What you need to do | State how many lines in the listing below include the word "True". Give nothing but the number.

+++ Dataset content +++

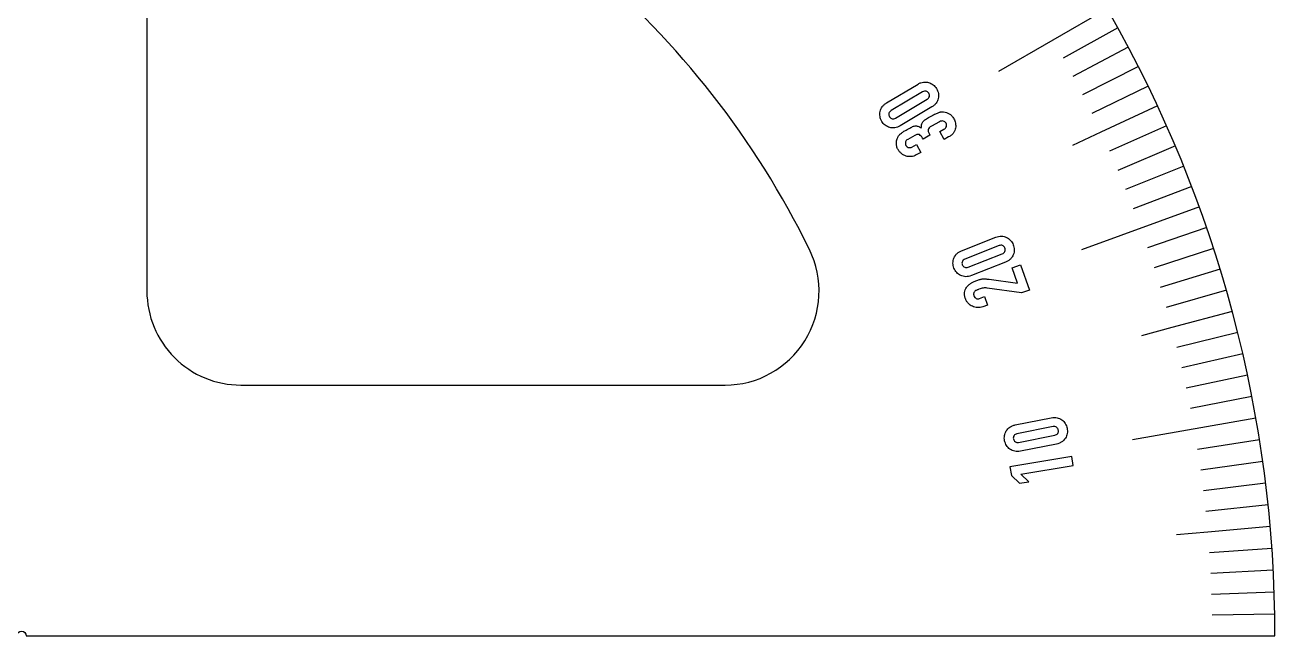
# Model space of a CAD drawing. Header units: millimetres. Extents: x -200 to 200, y 0 to 200.
# Drawn here: x 0.6 to 200, y 0 to 97.4 of the extents above; entities that cross this region are included whole.
import ezdxf

# ---------------------------------------------------------------- set-up
doc = ezdxf.new("R2010")
doc.units = ezdxf.units.MM
doc.layers.get('0').update_dxf_attribs({"linetype": 'CONTINUOUS'})

msp = doc.modelspace()

# ---------------------------------------------------------------- linework, layer by layer
for p, q in [((173.21, 100), (155.88, 90)), ((174.92, 96.96), (166.18, 92.11)), ((176.59, 93.89), (167.76, 89.2)), ((178.2, 90.8), (169.29, 86.26)), ((138.01, 84.99), (143.05, 88)), ((143.78, 86.77), (138.74, 83.76)), ((179.76, 87.67), (170.77, 83.29)), ((139.46, 82.55), (144.5, 85.57)), ((145.24, 84.34), (140.2, 81.32)), ((181.26, 84.52), (172.2, 80.3)), ((146.47, 81.99), (145.21, 81.3)), ((142.52, 79.8), (141.39, 79.18)), ((144.94, 79.84), (143.84, 79.23)), ((146.52, 80.41), (147.17, 80.78)), ((147.21, 79.16), (146.52, 80.41)), ((172.2, 80.3), (167.67, 78.18)), ((182.71, 81.35), (173.57, 77.28)), ((142.07, 77.95), (142.79, 78.34)), ((142.79, 78.34), (143.48, 77.09)), ((147.93, 79.56), (147.21, 79.16)), ((184.1, 78.15), (174.9, 74.24)), ((143.48, 77.09), (142.76, 76.69)), ((185.44, 74.92), (176.16, 71.18)), ((186.72, 71.67), (177.38, 68.09)), ((187.94, 68.4), (169.14, 61.56)), ((189.1, 65.11), (179.65, 61.86)), ((149.99, 61.43), (155.45, 63.58)), ((155.98, 62.25), (150.51, 60.09)), ((151.03, 58.79), (156.49, 60.94)), ((190.21, 61.8), (180.7, 58.71)), ((157.02, 59.61), (151.55, 57.45)), ((158.04, 58.68), (159.39, 59.16)), ((158.91, 56.25), (158.04, 58.68)), ((159.39, 59.16), (160.82, 55.14)), ((191.26, 58.47), (181.7, 55.55)), ((154.38, 56.87), (158.91, 56.25)), ((152.87, 53.82), (153.63, 54.1)), ((153.63, 54.1), (154.12, 52.75)), ((159.55, 54.69), (154.09, 55.48)), ((160.82, 55.14), (159.55, 54.69)), ((192.25, 55.13), (182.64, 52.37)), ((154.12, 52.75), (153.38, 52.48)), ((193.19, 51.76), (183.53, 49.18)), ((183.53, 49.18), (178.7, 47.88)), ((194.06, 48.38), (184.36, 45.97)), ((194.87, 44.99), (185.13, 42.74)), ((195.63, 41.58), (185.85, 39.5)), ((196.33, 38.16), (186.51, 36.25)), ((158.55, 33.64), (164.31, 34.79)), ((196.96, 34.73), (177.27, 31.26)), ((164.59, 33.38), (158.83, 32.24)), ((159.1, 30.86), (164.86, 32)), ((165.14, 30.6), (159.38, 29.46)), ((197.54, 31.29), (187.66, 29.72)), ((198.05, 27.83), (188.15, 26.44)), ((198.51, 24.37), (188.58, 23.16)), ((198.9, 20.91), (188.96, 19.86)), ((189.28, 16.56), (184.3, 16.12)), ((199.24, 17.43), (189.28, 16.56)), ((199.51, 13.95), (189.54, 13.25)), ((199.73, 10.47), (189.74, 9.94)), ((199.88, 6.98), (189.88, 6.63)), ((199.97, 3.49), (189.97, 3.32))]:
    msp.add_line(p, q)
for points in [[(-0.75, 0, -1), (0.75, 0), (200, 0, 0.130699), (173.58, 99.35, -0.998127), (172.83, 100.65, 0.063661), (141.95, 140.89, -0.998127), (140.89, 141.95, 0.063661), (100.65, 172.83, -0.998127), (99.35, 173.58, 0.129745), (0.75, 200, -0.998127), (-0.75, 200, 0.129745), (-99.35, 173.58, -0.998127), (-100.65, 172.83, 0.063661), (-140.89, 141.95, -0.998127), (-141.95, 140.89, 0.063661), (-172.83, 100.65, -0.998127), (-173.58, 99.35, 0.130699), (-200, 0)], [(20, 120), (20, 55, 0.414214), (35, 40), (112.25, 40, 0.554902), (125.72, 61.6, 0.210897), (39.2, 134.4, 0.5)]]:
    msp.add_lwpolyline(points, format="xyb", close=True)
msp.add_lwpolyline([(159.44, 25.82), (167.81, 27.2), (167.58, 28.62), (157.71, 26.99), (157.94, 25.58), (159.22, 24.34), (160.71, 24.58)], close=True)
for points, knots in [([(143.05, 88), (143.19, 88.08), (143.46, 88.23), (143.77, 88.28), (143.91, 88.31)], [0, 0, 0, 0, 0.04797046, 0.09227474, 0.09227474, 0.09227474, 0.09227474]), ([(143.91, 88.31), (144.05, 88.32), (144.33, 88.34), (144.6, 88.28), (144.73, 88.25)], [0, 0, 0, 0, 0.04164183, 0.08224029, 0.08224029, 0.08224029, 0.08224029]), ([(144.73, 88.25), (144.86, 88.21), (145.12, 88.12), (145.34, 87.97), (145.46, 87.89)], [0, 0, 0, 0, 0.04052704, 0.08182549, 0.08182549, 0.08182549, 0.08182549]), ([(145.46, 87.89), (145.56, 87.8), (145.76, 87.62), (145.91, 87.39), (145.99, 87.27)], [0, 0, 0, 0, 0.04037315, 0.08160438, 0.08160438, 0.08160438, 0.08160438]), ([(144.33, 86.87), (144.24, 86.88), (144.04, 86.9), (143.87, 86.82), (143.78, 86.77)], [0, 0, 0, 0, 0.02776544, 0.05662814, 0.05662814, 0.05662814, 0.05662814]), ([(144.76, 86.54), (144.7, 86.62), (144.59, 86.77), (144.42, 86.84), (144.33, 86.87)], [0, 0, 0, 0, 0.02851677, 0.05539548, 0.05539548, 0.05539548, 0.05539548]), ([(144.5, 85.57), (144.58, 85.62), (144.74, 85.73), (144.81, 85.91), (144.85, 86)], [0, 0, 0, 0, 0.02886276, 0.05662814, 0.05662814, 0.05662814, 0.05662814]), ([(144.85, 86), (144.86, 86.09), (144.89, 86.28), (144.8, 86.45), (144.76, 86.54)], [0, 0, 0, 0, 0.02687874, 0.05539551, 0.05539551, 0.05539551, 0.05539551]), ([(145.99, 87.27), (146.05, 87.15), (146.19, 86.9), (146.25, 86.63), (146.29, 86.5)], [0, 0, 0, 0, 0.0415811, 0.082972, 0.082972, 0.082972, 0.082972]), ([(146.29, 86.5), (146.3, 86.37), (146.33, 86.1), (146.28, 85.83), (146.26, 85.7)], [0, 0, 0, 0, 0.0403609, 0.08061167, 0.08061167, 0.08061167, 0.08061167]), ([(136.99, 83.63), (137.03, 83.76), (137.1, 84.02), (137.25, 84.25), (137.33, 84.37)], [0, 0, 0, 0, 0.04059849, 0.08224034, 0.08224034, 0.08224034, 0.08224034]), ([(137.33, 84.37), (137.42, 84.49), (137.61, 84.73), (137.87, 84.9), (138.01, 84.99)], [0, 0, 0, 0, 0.04430423, 0.09227469, 0.09227469, 0.09227469, 0.09227469]), ([(145.92, 84.94), (145.83, 84.83), (145.63, 84.59), (145.37, 84.42), (145.24, 84.34)], [0, 0, 0, 0, 0.04399005, 0.09192843, 0.09192843, 0.09192843, 0.09192843]), ([(146.26, 85.7), (146.22, 85.57), (146.15, 85.3), (146, 85.06), (145.92, 84.94)], [0, 0, 0, 0, 0.04082708, 0.08298531, 0.08298531, 0.08298531, 0.08298531]), ([(136.98, 82.82), (136.96, 82.96), (136.92, 83.23), (136.97, 83.49), (136.99, 83.63)], [0, 0, 0, 0, 0.04083463, 0.0811466, 0.0811466, 0.0811466, 0.0811466]), ([(137.26, 82.05), (137.19, 82.18), (137.06, 82.42), (137.01, 82.69), (136.98, 82.82)], [0, 0, 0, 0, 0.04126262, 0.08192327, 0.08192327, 0.08192327, 0.08192327]), ([(137.81, 81.43), (137.7, 81.52), (137.49, 81.7), (137.34, 81.94), (137.26, 82.05)], [0, 0, 0, 0, 0.0416714, 0.08328363, 0.08328363, 0.08328363, 0.08328363]), ([(138.41, 83.33), (138.39, 83.24), (138.36, 83.05), (138.45, 82.88), (138.49, 82.79)], [0, 0, 0, 0, 0.0274708, 0.05605018, 0.05605018, 0.05605018, 0.05605018]), ([(138.74, 83.76), (138.66, 83.7), (138.51, 83.59), (138.44, 83.42), (138.41, 83.33)], [0, 0, 0, 0, 0.02851677, 0.0553955, 0.0553955, 0.0553955, 0.0553955]), ([(138.49, 82.79), (138.55, 82.71), (138.66, 82.55), (138.84, 82.49), (138.93, 82.46)], [0, 0, 0, 0, 0.02857938, 0.0560502, 0.0560502, 0.0560502, 0.0560502]), ([(138.93, 82.46), (139.02, 82.45), (139.21, 82.42), (139.38, 82.51), (139.46, 82.55)], [0, 0, 0, 0, 0.02687873, 0.05539549, 0.05539549, 0.05539549, 0.05539549]), ([(143.66, 81.64), (143.69, 81.72), (143.74, 81.88), (143.84, 82.01), (143.9, 82.08)], [0, 0, 0, 0, 0.02522477, 0.05019407, 0.05019407, 0.05019407, 0.05019407]), ([(143.9, 82.08), (143.97, 82.14), (144.11, 82.29), (144.28, 82.4), (144.38, 82.45)], [0, 0, 0, 0, 0.02852972, 0.0613368, 0.0613368, 0.0613368, 0.0613368]), ([(144.38, 82.45), (144.49, 82.52), (144.74, 82.67), (144.99, 82.81), (145.13, 82.89)], [0, 0, 0, 0, 0.03863793, 0.08709426, 0.08709426, 0.08709426, 0.08709426]), ([(145.13, 82.89), (145.26, 82.96), (145.5, 83.09), (145.75, 83.21), (145.86, 83.26)], [0, 0, 0, 0, 0.0449493, 0.08152686, 0.08152686, 0.08152686, 0.08152686]), ([(145.86, 83.26), (145.95, 83.3), (146.11, 83.38), (146.28, 83.44), (146.35, 83.47)], [0, 0, 0, 0, 0.02956955, 0.05370278, 0.05370278, 0.05370278, 0.05370278]), ([(146.35, 83.47), (146.42, 83.49), (146.55, 83.53), (146.68, 83.55), (146.74, 83.55)], [0, 0, 0, 0, 0.02129154, 0.03962074, 0.03962074, 0.03962074, 0.03962074]), ([(147.08, 82.1), (146.98, 82.11), (146.76, 82.13), (146.57, 82.04), (146.47, 81.99)], [0, 0, 0, 0, 0.02987648, 0.06324614, 0.06324614, 0.06324614, 0.06324614]), ([(146.74, 83.55), (146.8, 83.56), (146.92, 83.56), (147.04, 83.56), (147.11, 83.55)], [0, 0, 0, 0, 0.01774476, 0.03713619, 0.03713619, 0.03713619, 0.03713619]), ([(147.51, 81.76), (147.45, 81.85), (147.35, 82.01), (147.16, 82.07), (147.08, 82.1)], [0, 0, 0, 0, 0.0292699, 0.05616924, 0.05616924, 0.05616924, 0.05616924]), ([(147.11, 83.55), (147.27, 83.53), (147.59, 83.48), (147.87, 83.34), (148.02, 83.27)], [0, 0, 0, 0, 0.04734057, 0.09587439, 0.09587439, 0.09587439, 0.09587439]), ([(148.02, 83.27), (148.16, 83.17), (148.47, 82.95), (148.66, 82.62), (148.77, 82.45)], [0, 0, 0, 0, 0.0510532, 0.1121255, 0.1121255, 0.1121255, 0.1121255]), ([(148.77, 82.45), (148.82, 82.34), (148.93, 82.12), (148.98, 81.89), (149.01, 81.77)], [0, 0, 0, 0, 0.03487455, 0.07269335, 0.07269335, 0.07269335, 0.07269335]), ([(138.52, 81.07), (138.39, 81.11), (138.14, 81.2), (137.92, 81.36), (137.81, 81.43)], [0, 0, 0, 0, 0.04003424, 0.0799204, 0.0799204, 0.0799204, 0.0799204]), ([(139.34, 81.01), (139.2, 81), (138.92, 80.98), (138.65, 81.04), (138.52, 81.07)], [0, 0, 0, 0, 0.04215824, 0.08298535, 0.08298535, 0.08298535, 0.08298535]), ([(140.2, 81.32), (140.06, 81.25), (139.79, 81.1), (139.49, 81.04), (139.34, 81.01)], [0, 0, 0, 0, 0.04793833, 0.09192837, 0.09192837, 0.09192837, 0.09192837]), ([(139.89, 79.63), (139.93, 79.69), (140, 79.82), (140.1, 79.93), (140.16, 79.99)], [0, 0, 0, 0, 0.02121323, 0.0447621, 0.0447621, 0.0447621, 0.0447621]), ([(140.16, 79.99), (140.31, 80.11), (140.66, 80.41), (141.07, 80.63), (141.3, 80.76)], [0, 0, 0, 0, 0.0583594, 0.1384779, 0.1384779, 0.1384779, 0.1384779]), ([(141.3, 80.76), (141.44, 80.84), (141.68, 80.98), (141.94, 81.1), (142.05, 81.15)], [0, 0, 0, 0, 0.04705584, 0.08433452, 0.08433452, 0.08433452, 0.08433452]), ([(142.05, 81.15), (142.14, 81.19), (142.3, 81.27), (142.48, 81.3), (142.56, 81.32)], [0, 0, 0, 0, 0.02966315, 0.0544541, 0.0544541, 0.0544541, 0.0544541]), ([(143.27, 79.93), (143.16, 79.95), (142.9, 80.01), (142.66, 79.88), (142.52, 79.8)], [0, 0, 0, 0, 0.03188275, 0.07831211, 0.07831211, 0.07831211, 0.07831211]), ([(142.56, 81.32), (142.65, 81.32), (142.8, 81.33), (142.96, 81.28), (143.03, 81.26)], [0, 0, 0, 0, 0.02390992, 0.04750851, 0.04750851, 0.04750851, 0.04750851]), ([(143.03, 81.26), (143.11, 81.23), (143.3, 81.16), (143.46, 81.06), (143.56, 81.01)], [0, 0, 0, 0, 0.02599263, 0.05852418, 0.05852418, 0.05852418, 0.05852418]), ([(143.84, 79.23), (143.75, 79.39), (143.6, 79.66), (143.36, 79.85), (143.27, 79.93)], [0, 0, 0, 0, 0.05456103, 0.09053707, 0.09053707, 0.09053707, 0.09053707]), ([(143.56, 81.01), (143.57, 81.12), (143.58, 81.34), (143.63, 81.55), (143.66, 81.64)], [0, 0, 0, 0, 0.0358421, 0.06418543, 0.06418543, 0.06418543, 0.06418543]), ([(144.65, 80.72), (144.64, 80.67), (144.63, 80.54), (144.67, 80.41), (144.69, 80.35)], [0, 0, 0, 0, 0.01764374, 0.03825263, 0.03825263, 0.03825263, 0.03825263]), ([(145.21, 81.3), (145.06, 81.21), (144.82, 81.08), (144.69, 80.83), (144.65, 80.72)], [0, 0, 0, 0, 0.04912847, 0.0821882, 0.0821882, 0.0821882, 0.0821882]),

+++

Task answer | 2